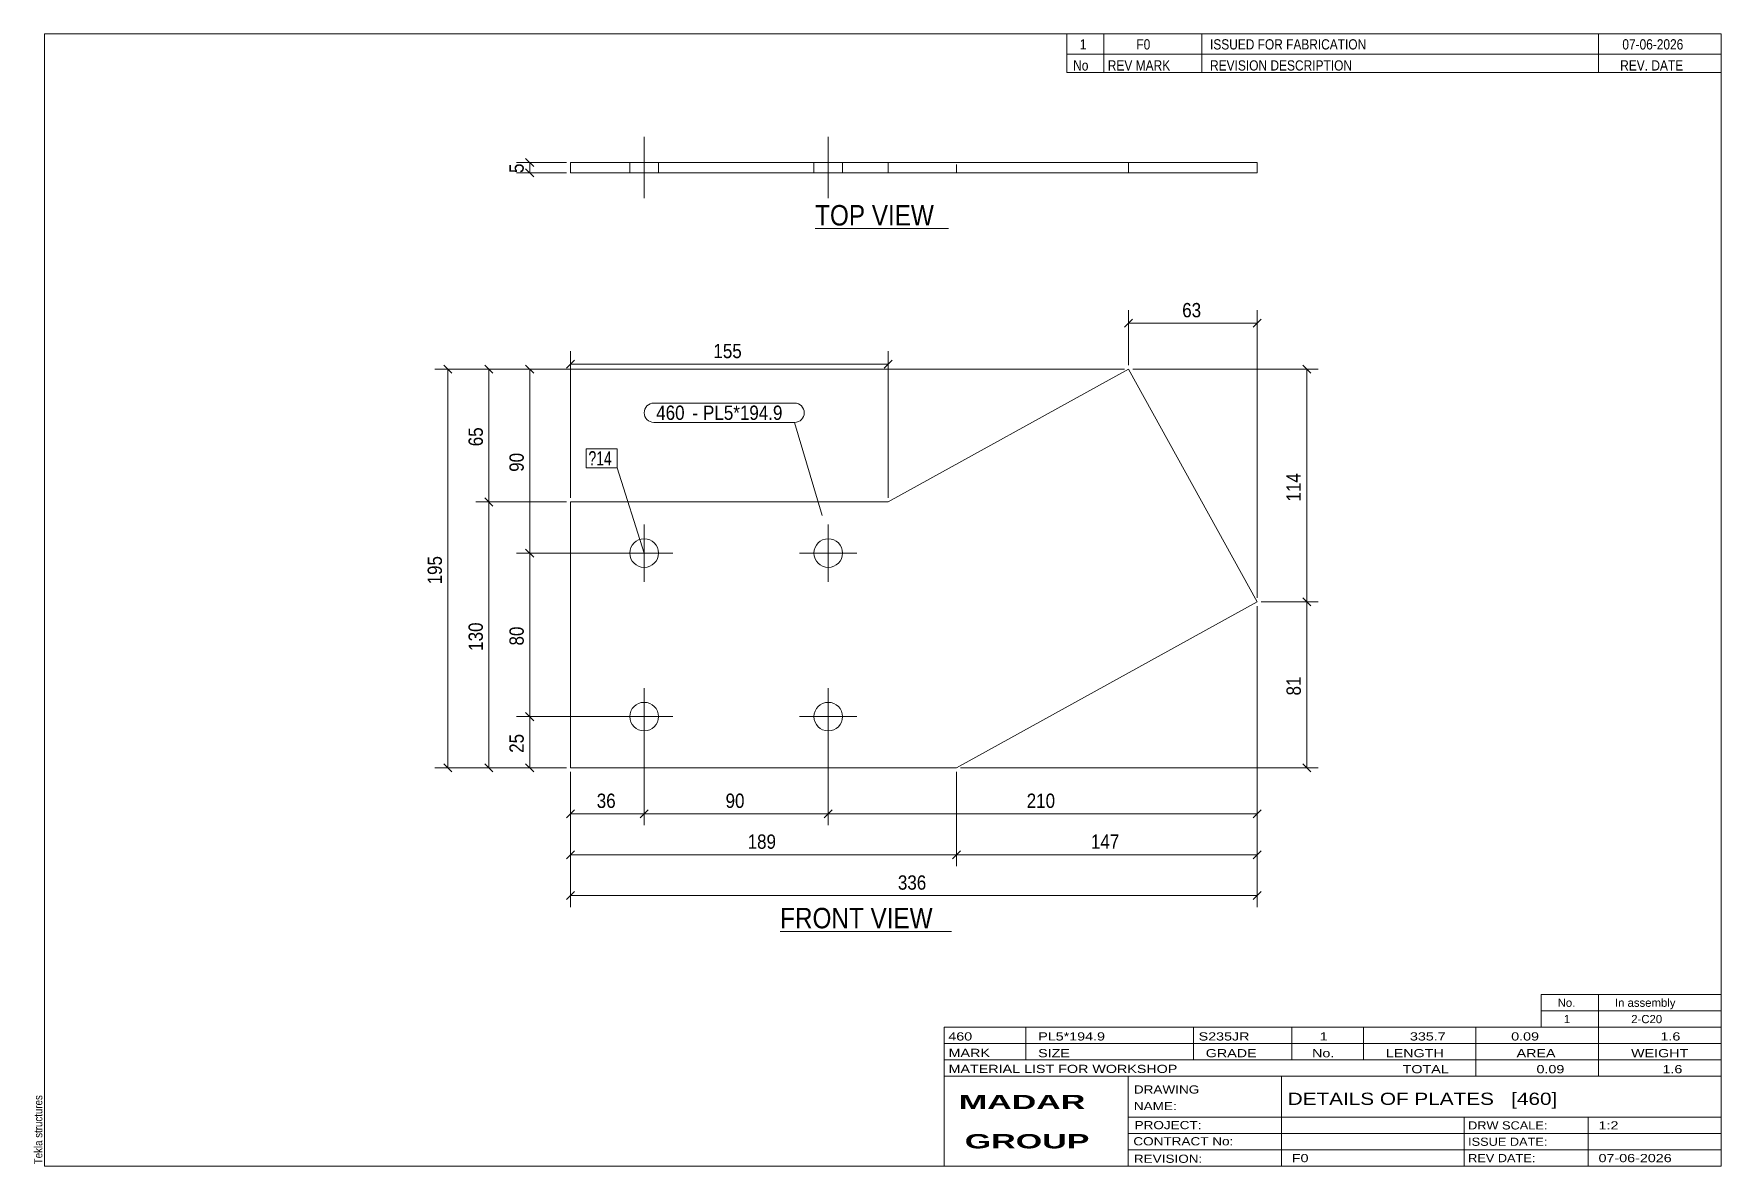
# Model space of a CAD drawing. Header units: millimetres. Extents: x 2 to 415, y 5 to 282.
import ezdxf

# ---------------------------------------------------------------- set-up
doc = ezdxf.new("R2010")
doc.units = ezdxf.units.MM
doc.linetypes.add('XKITLINE00', pattern=[0])
doc.linetypes.add('XKITLINE02', pattern=[4, 2, -2])
for name, color, linetype, lineweight in [('Bolt', 3, 'Continuous', 0), ('BoltMark', 7, 'Continuous', 0), ('Dimensions', 7, 'Continuous', 0), ('DrawingSheet', 5, 'Continuous', 0), ('OtherObjectType', 7, 'Continuous', 0), ('Part', 2, 'Continuous', 0), ('PartMark', 7, 'Continuous', 0)]:
    doc.layers.add(name, color=color, linetype=linetype, lineweight=lineweight)
doc.styles.add('ARIAL', font='ARIAL.TTF')
doc.styles.add('ARIAL_BOLD', font='ARIALBD.TTF')
doc.styles.add('ARIAL_NARROW', font='ARIALN.TTF')

# ---------------------------------------------------------------- blocks, each defined once
blk = doc.blocks.new('*A1')
at = {"layer": 'Bolt', "color": 3, "linetype": 'XKITLINE00', "lineweight": 0}
for p, q in [((151.65, 147.97), (151.65, 161.97)), ((196.65, 147.97), (196.65, 161.97)), ((144.65, 154.97), (158.65, 154.97)), ((189.65, 154.97), (203.65, 154.97)), ((151.65, 107.97), (151.65, 121.97)), ((196.65, 107.97), (196.65, 121.97)), ((144.65, 114.97), (158.65, 114.97)), ((189.65, 114.97), (203.65, 114.97))]:
    blk.add_line(p, q, dxfattribs=at)
for centre in [(151.65, 154.97), (196.65, 154.97), (151.65, 114.97), (196.65, 114.97)]:
    blk.add_circle(centre, 3.5, dxfattribs=at)
blk = doc.blocks.new('*A2')
at = {"layer": 'Part', "color": 2, "linetype": 'XKITLINE00', "lineweight": 0}
for p, q in [((211.28, 167.47), (270.09, 199.93)), ((270.09, 199.93), (301.5, 143.03)), ((133.65, 102.47), (133.65, 167.47)), ((133.65, 167.47), (211.28, 167.47)), ((301.5, 143.03), (228.02, 102.47)), ((228.02, 102.47), (133.65, 102.47))]:
    blk.add_line(p, q, dxfattribs=at)
blk = doc.blocks.new('*A3')
at = {"layer": 'Bolt', "color": 3, "linetype": 'XKITLINE00', "lineweight": 0}
for p, q in [((151.65, 241.75), (151.65, 256.75)), ((151.65, 241.75), (151.65, 256.75)), ((196.65, 241.75), (196.65, 256.75)), ((196.65, 241.75), (196.65, 256.75)), ((148.15, 250.5), (148.15, 248)), ((148.15, 250.5), (148.15, 248)), ((155.15, 250.5), (155.15, 248)), ((155.15, 250.5), (155.15, 248)), ((193.15, 250.5), (193.15, 248)), ((193.15, 250.5), (193.15, 248)), ((200.15, 250.5), (200.15, 248)), ((200.15, 250.5), (200.15, 248))]:
    blk.add_line(p, q, dxfattribs=at)
blk = doc.blocks.new('*A4')
at = {"layer": 'Part', "color": 2, "linetype": 'XKITLINE00', "lineweight": 0}
for p, q in [((133.65, 250.5), (301.5, 250.5)), ((133.65, 248), (133.65, 250.5)), ((270.09, 248), (133.65, 248)), ((211.28, 248), (211.28, 250.5)), ((270.09, 248), (270.09, 250.5)), ((301.5, 248), (270.09, 248)), ((301.5, 250.5), (301.5, 248))]:
    blk.add_line(p, q, dxfattribs=at)
at = {"layer": 'Part', "color": 7, "linetype": 'XKITLINE02', "lineweight": 0}
for p, q in [((133.65, 250.5), (133.65, 248)), ((228.02, 248), (228.02, 250.5))]:
    blk.add_line(p, q, dxfattribs=at)
blk = doc.blocks.new('*A5')
at = {"layer": 'DrawingSheet', "color": 5, "linetype": 'XKITLINE00', "lineweight": 0}
for p, q in [((415, 282), (5, 282)), ((5, 282), (5, 5)), ((415, 5), (415, 282)), ((5, 5), (415, 5))]:
    blk.add_line(p, q, dxfattribs=at)
at = {"layer": 'DrawingSheet', "color": 5, "style": 'ARIAL', "width": 0.85}
blk.add_text('Tekla structures', height=2, rotation=90, dxfattribs=at).set_placement((4.5, 5.5))
blk = doc.blocks.new('*A6')
at = {"layer": 'OtherObjectType', "color": 7, "linetype": 'XKITLINE00', "lineweight": 0}
for p, q in [((371, 47), (415, 47)), ((371, 43), (371, 47)), ((385, 43), (385, 47)), ((415, 43), (415, 47)), ((371, 43), (415, 43)), ((371, 39), (371, 43)), ((385, 39), (385, 43)), ((415, 39), (415, 43)), ((371, 39), (415, 39))]:
    blk.add_line(p, q, dxfattribs=at)
at = {"layer": 'OtherObjectType', "color": 7, "style": 'ARIAL_NARROW', "width": 1.211571}
for s, p in [('No.', (375, 44)), ('In assembly', (389, 44)), ('1', (376.5, 40)), ('2-C20', (392.99, 40))]:
    blk.add_text(s, height=2, dxfattribs=at).set_placement(p)
blk = doc.blocks.new('*A7')
at = {"layer": 'OtherObjectType', "color": 7, "linetype": 'XKITLINE00', "lineweight": 0}
for p, q in [((255, 282), (415, 282)), ((415, 282), (255, 282)), ((255, 282), (255, 277)), ((264, 282), (264, 277)), ((288, 282), (288, 277)), ((385, 282), (385, 277)), ((415, 282), (415, 277)), ((255, 277), (415, 277)), ((255, 277), (255, 272.5)), ((255, 277), (415, 277)), ((264, 277), (264, 272.5)), ((288, 277), (288, 272.5)), ((385, 277), (385, 272.5)), ((415, 277), (415, 272.5)), ((415, 272.5), (255, 272.5))]:
    blk.add_line(p, q, dxfattribs=at)
at = {"layer": 'OtherObjectType', "color": 7, "style": 'ARIAL_NARROW'}
for s, width, p in [('1', 1.017001, (258.16, 278.15)), ('F0', 1.017001, (272, 278.15)), ('ISSUED FOR FABRICATION', 1.017001, (290, 278.15)), ('07-06-2026', 1.017001, (390.82, 278.15)), ('No', 1.02, (256.54, 273)), ('REV MARK', 1.02, (265, 273)), ('REVISION DESCRIPTION', 1.02, (290, 273)), ('REV. DATE', 1.02, (390.28, 273))]:
    blk.add_text(s, height=2.5, dxfattribs=dict(at, width=width)).set_placement(p)
blk = doc.blocks.new('*A8')
at = {"layer": 'OtherObjectType', "color": 7, "linetype": 'XKITLINE00', "lineweight": 0}
for p, q in [((225, 39), (415, 39)), ((225, 39), (225, 35)), ((225, 39), (415, 39)), ((245, 35), (245, 39)), ((286, 35), (286, 39)), ((310, 35), (310, 39)), ((327.5, 35), (327.5, 39)), ((355, 35), (355, 39)), ((385, 35), (385, 39)), ((415, 35), (415, 39)), ((225, 35), (415, 35)), ((225, 35), (225, 5)), ((225, 35), (415, 35)), ((245, 31), (245, 35)), ((286, 31), (286, 35)), ((310, 31), (310, 35)), ((327.5, 31), (327.5, 35)), ((355, 31), (355, 35)), ((385, 31), (385, 35)), ((415, 31), (415, 35)), ((225, 31), (415, 31)), ((355, 27), (355, 31)), ((385, 27), (385, 31)), ((415, 27), (415, 31)), ((225, 27), (415, 27)), ((270, 21), (270, 27)), ((307.5, 17), (307.5, 27)), ((415, 21), (415, 27)), ((270, 21), (270, 5)), ((415, 17), (415, 21)), ((270, 17), (415, 17)), ((307.5, 5), (307.5, 17)), ((352.16, 13), (352.16, 17)), ((382.5, 5), (382.5, 17)), ((415, 13), (415, 17)), ((270, 13), (415, 13)), ((352.16, 5), (352.16, 13)), ((415, 9), (415, 13)), ((270, 9), (415, 9)), ((415, 5), (415, 9)), ((225, 5), (415, 5)), ((262.5, 5), (415, 5))]:
    blk.add_line(p, q, dxfattribs=at)
at = {"layer": 'OtherObjectType', "color": 7, "style": 'ARIAL_NARROW'}
for s, height, width, p in [('460', 2, 1.525501, (226.01, 35.76)), ('PL5*194.9', 2, 1.525501, (248, 35.76)), ('S235JR', 2, 1.525501, (287.22, 35.76)), ('1', 2, 1.525501, (316.82, 35.76)), ('335.7', 2, 1.525501, (338.88, 35.76)), ('0.09', 2, 1.525501, (363.64, 35.76)), ('1.6', 2, 1.525501, (400.14, 35.76)), ('MARK', 2, 1.525501, (226.08, 31.73)), ('SIZE', 2, 1.525501, (247.96, 31.66)), ('GRADE', 2, 1.525501, (288.96, 31.66)), ('No.', 2, 1.525501, (314.96, 31.66)), ('LENGTH', 2, 1.525501, (332.96, 31.66)), ('AREA', 2, 1.525501, (364.96, 31.66)), ('WEIGHT', 2, 1.525501, (392.96, 31.66)), ('MATERIAL LIST FOR WORKSHOP', 2, 1.525501, (226.08, 27.82)), ('TOTAL', 2, 1.525501, (337.1, 27.75)), ('0.09', 2, 1.525501, (369.83, 27.75)), ('1.6', 2, 1.525501, (400.63, 27.75)), ('DRAWING', 2, 1.445, (271.38, 22.78)), ('NAME:', 2, 1.445, (271.38, 18.72)), ('DETAILS OF PLATES   [460]', 3, 1.474651, (309, 20)), ('PROJECT:', 2, 1.445, (271.55, 14.07)), ('DRW SCALE:', 2, 1.36, (353.1, 14)), ('1:2', 2, 1.525501, (385, 14)), ('CONTRACT No:', 2, 1.445, (271.25, 10.11)), ('ISSUE DATE:', 2, 1.36, (353.1, 10)), ('REVISION:', 2, 1.445, (271.38, 5.84)), ('F0', 2, 1.525501, (310, 6)), ('REV DATE:', 2, 1.36, (353.1, 6)), ('07-06-2026', 2, 1.525501, (385, 6))]:
    blk.add_text(s, height=height, dxfattribs=dict(at, width=width)).set_placement(p)
at = {"layer": 'OtherObjectType', "color": 1, "style": 'ARIAL_BOLD', "width": 1.7}
for s, p in [('MADAR ', (228.58, 18.97)), ('GROUP', (230.03, 9.37))]:
    blk.add_text(s, height=3.5, dxfattribs=at).set_placement(p)
blk = doc.blocks.new('*A9')
at = {"layer": 'Dimensions', "color": 7, "linetype": 'XKITLINE00', "lineweight": 0}
for p, q in [((269.09, 199.93), (100.45, 199.93)), ((102.66, 200.92), (104.64, 198.94)), ((103.65, 102.47), (103.65, 199.93)), ((102.66, 103.46), (104.64, 101.48)), ((132.65, 102.47), (100.45, 102.47))]:
    blk.add_line(p, q, dxfattribs=at)
at = {"layer": 'Dimensions', "color": 3}
for p in [(103.65, 199.93), (103.65, 102.47)]:
    blk.add_point(p, dxfattribs=at)
at = {"layer": 'Dimensions', "color": 3, "style": 'ARIAL', "width": 0.85}
blk.add_text('195', height=3.5, rotation=90.0002, dxfattribs=at).set_placement((102.2, 147.31))
blk = doc.blocks.new('*A10')
at = {"layer": 'Dimensions', "color": 7, "linetype": 'XKITLINE00', "lineweight": 0}
for p, q in [((132.65, 167.47), (110.45, 167.47)), ((112.66, 168.46), (114.64, 166.48)), ((113.65, 102.47), (113.65, 167.47)), ((112.66, 103.46), (114.64, 101.48)), ((132.65, 102.47), (110.45, 102.47))]:
    blk.add_line(p, q, dxfattribs=at)
at = {"layer": 'Dimensions', "color": 3}
for p in [(113.65, 167.47), (113.65, 102.47)]:
    blk.add_point(p, dxfattribs=at)
at = {"layer": 'Dimensions', "color": 3, "style": 'ARIAL', "width": 0.85}
blk.add_text('130', height=3.5, rotation=90.0002, dxfattribs=at).set_placement((112.2, 131.07))
blk = doc.blocks.new('*A11')
at = {"layer": 'Dimensions', "color": 7, "linetype": 'XKITLINE00', "lineweight": 0}
for p, q in [((269.09, 199.93), (110.45, 199.93)), ((112.66, 200.92), (114.64, 198.94)), ((113.65, 167.47), (113.65, 199.93)), ((132.65, 167.47), (110.45, 167.47)), ((112.66, 168.46), (114.64, 166.48))]:
    blk.add_line(p, q, dxfattribs=at)
at = {"layer": 'Dimensions', "color": 3}
for p in [(113.65, 199.93), (113.65, 167.47)]:
    blk.add_point(p, dxfattribs=at)
at = {"layer": 'Dimensions', "color": 3, "style": 'ARIAL', "width": 0.85}
blk.add_text('65', height=3.5, rotation=90.0002, dxfattribs=at).set_placement((112.2, 181.1))
blk = doc.blocks.new('*A12')
at = {"layer": 'Dimensions', "color": 7, "linetype": 'XKITLINE00', "lineweight": 0}
for p, q in [((302.5, 143.03), (316.45, 143.03)), ((312.66, 144.02), (314.64, 142.04)), ((313.65, 102.47), (313.65, 143.03)), ((312.66, 103.46), (314.64, 101.48)), ((229.02, 102.47), (316.45, 102.47))]:
    blk.add_line(p, q, dxfattribs=at)
at = {"layer": 'Dimensions', "color": 3}
for p in [(313.65, 143.03), (313.65, 102.47)]:
    blk.add_point(p, dxfattribs=at)
at = {"layer": 'Dimensions', "color": 3, "style": 'ARIAL', "width": 0.85}
blk.add_text('81', height=3.5, rotation=90.0002, dxfattribs=at).set_placement((312.2, 120.15))
blk = doc.blocks.new('*A13')
at = {"layer": 'Dimensions', "color": 7, "linetype": 'XKITLINE00', "lineweight": 0}
for p, q in [((271.09, 199.93), (316.45, 199.93)), ((312.66, 200.92), (314.64, 198.94)), ((313.65, 143.03), (313.65, 199.93)), ((302.5, 143.03), (316.45, 143.03)), ((312.66, 144.02), (314.64, 142.04))]:
    blk.add_line(p, q, dxfattribs=at)
at = {"layer": 'Dimensions', "color": 3}
for p in [(313.65, 199.93), (313.65, 143.03)]:
    blk.add_point(p, dxfattribs=at)
at = {"layer": 'Dimensions', "color": 3, "style": 'ARIAL', "width": 0.85}
blk.add_text('114', height=3.5, rotation=90.0002, dxfattribs=at).set_placement((312.2, 167.58))
blk = doc.blocks.new('*A14')
at = {"layer": 'Dimensions', "color": 7, "linetype": 'XKITLINE00', "lineweight": 0}
for p, q in [((122.66, 115.96), (124.64, 113.98)), ((150.65, 114.97), (120.45, 114.97)), ((123.65, 102.47), (123.65, 114.97)), ((122.66, 103.46), (124.64, 101.48)), ((132.65, 102.47), (120.45, 102.47))]:
    blk.add_line(p, q, dxfattribs=at)
at = {"layer": 'Dimensions', "color": 3}
for p in [(123.65, 114.97), (123.65, 102.47)]:
    blk.add_point(p, dxfattribs=at)
at = {"layer": 'Dimensions', "color": 3, "style": 'ARIAL', "width": 0.85}
blk.add_text('25', height=3.5, rotation=90.0002, dxfattribs=at).set_placement((122.2, 106.12))
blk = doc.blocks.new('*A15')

==*==

> Task directions: Among the lines of the data, which ones contain the word "dict"? Show them.

> Expected output:
    blk.add_text(s, height=2.5, dxfattribs=dict(at, width=width)).set_placement(p)
    blk.add_text(s, height=height, dxfattribs=dict(at, width=width)).set_placement(p)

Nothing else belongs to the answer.